# Post your ps4 name here



## StrictlyClassified (Jun 23, 2015)

Mine is ismoke_better. I play Madden, nba, and mostly advance warfare. Post your name


----------



## beepotron (Jun 23, 2015)

iwannagetbusted ... add me bro, add me


----------



## StrictlyClassified (Jun 23, 2015)

I will in 3 hours. I'm at work. What games do you play


----------



## Parsley85 (Jul 19, 2015)

What is a ps4? 

Do you mean a ps2 controller port? 

The *PS/2 connector* is a 6-pin mini-DIN connector used for connecting some keyboards and mice to a PC compatiblecomputer system. Its name comes from the IBM Personal System/2 series of personal computers, with which it was introduced in 1987. The PS/2 mouse connector generally replaced the older DE-9RS-232 "serial mouse" connector, while the PS/2 keyboard connector replaced the larger 5-pin/180° DIN connector used in the IBM PC/AT design.
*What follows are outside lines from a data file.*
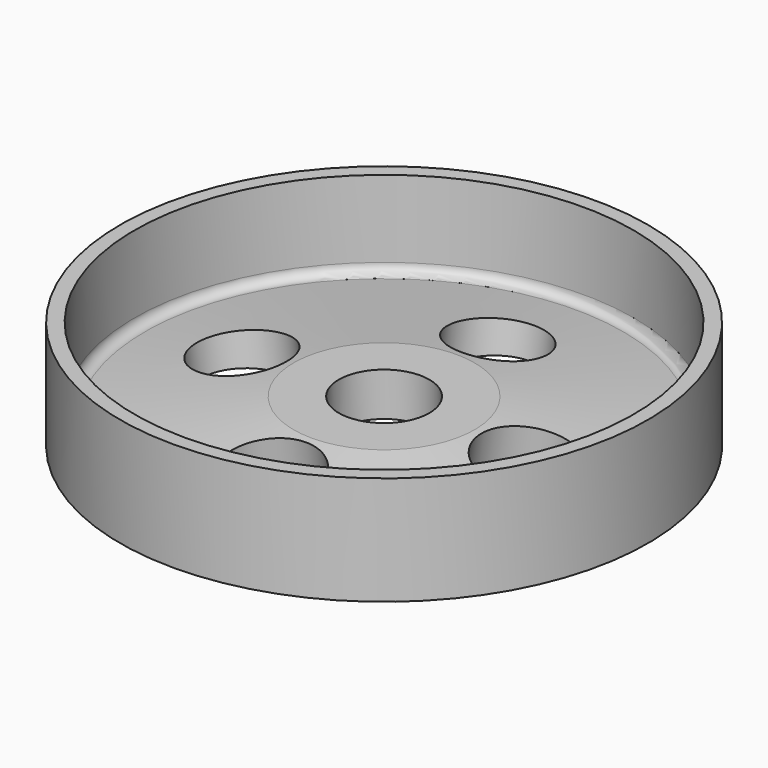
from build123d import *

# Parameters (mm, degrees)
F2_R            = 5
F3_DEPTH        = 4.8063913105
F5_R            = 5
F6_DEPTH        = 4.7469386033
F6_COPIES_COUNT = 4


# Not quite as in the source:
# - a pattern or mirror of a feature is missing from the dataset's text; its kind, count and spacing are read off the source's solid


with BuildPart() as f1:
    # F0 (on Right) → F1 (revolve)
    with BuildSketch(Plane.YZ):
        with BuildLine():
            Line((0, 0), (0, 4.8063913105))
            Line((0, 4.8063913105), (-10, 4.8063913105))
            Line((-10, 4.8063913105), (-26.410826899, 2.5))
            ThreePointArc((-26.410826899, 2.5), (-27.206059029, 2.7355584885), (-27.55, 3.4902680687))
            Line((-27.55, 3.4902680687), (-27.55, 12))
            Line((-27.55, 12), (-29.15, 12))
            Line((-29.15, 12), (-29.15, 0))
            Line((-29.15, 0), (0, 0))
        make_face()
    revolve(axis=Axis((0, 0, 11.0792994889), (0, 0, 1)))

    # F2 (on face) → F3 (cut, through all)
    with BuildSketch(Plane(origin=(0, 0, 0), x_dir=(1, 0, 0), z_dir=(0, 0, -1))):
        Circle(F2_R)
    extrude(amount=-F3_DEPTH, mode=Mode.SUBTRACT)

    # F5 (on line) → F6 (cut, through all)
    with BuildSketch(Plane(origin=(0, -0.8561020162, 6.0914823656), x_dir=(1, 0, 0), z_dir=(0, -0.139173101, 0.9902680687))):
        with Locations((0, -15)):
            Circle(F5_R)
    f6 = extrude(amount=-F6_DEPTH, mode=Mode.SUBTRACT)

    # F6_copies: F6 ×4 about axis
    f6_copies_axis = Axis((0, 0, 0), (0, 0, 1))
    for i in range(1, F6_COPIES_COUNT):
        add(f6.rotate(f6_copies_axis, i * 360 / F6_COPIES_COUNT), mode=Mode.SUBTRACT)


solid = f1.part

The PS/2 designs on keyboard and mouse interfaces are electrically similar and employ the same communication protocol. However, a given system's keyboard and mouse port may not be interchangeable since the two devices use a different set of commands.


----------



## StrictlyClassified (Jul 19, 2015)

PlayStation 4


----------



## AussieWeedSmoker (Mar 4, 2016)

HashashinsWeed and DrWeedis420 

Someone please add us ahaha want to clan up and destroy bitches on cod bo3


----------



## StrictlyClassified (Mar 4, 2016)

Hell yeah add me ill be on tomorrow ismoke_better


----------



## sunni (Mar 4, 2016)

please use the stickied threads uptop for gamertags thats why we have them or this entire section becomes thread after thread after thread of just screen names,


----------



## StrictlyClassified (Mar 4, 2016)

Isnt that what we want...people to play with? And it looks like the gaming thread is dead? Am i wrong?


----------



## sunni (Mar 4, 2016)

StrictlyClassified said:


> Isnt that what we want...people to play with? And it looks like the gaming thread is dead? Am i wrong?


its just we created sticked threads for all the platforms because all this section became was just threads of user name /screen names which takes away from the actual gaming discussion
its just nicer to have it all in one place and better organized, 
not everyone comes here just for screen names or new friends most come here to actually talk about games or new games.

if you could try to be of help and use the dedicated threads that would be best.
thank you


----------



## StrictlyClassified (Mar 4, 2016)

Oh ok. Well the official screen name thread was kinda slow and only ps3. Which is why i made this thread, but i understand.


----------



## sunni (Mar 4, 2016)

StrictlyClassified said:


> Oh ok. Well the official screen name thread was kinda slow and only ps3. Which is why i made this thread, but i understand.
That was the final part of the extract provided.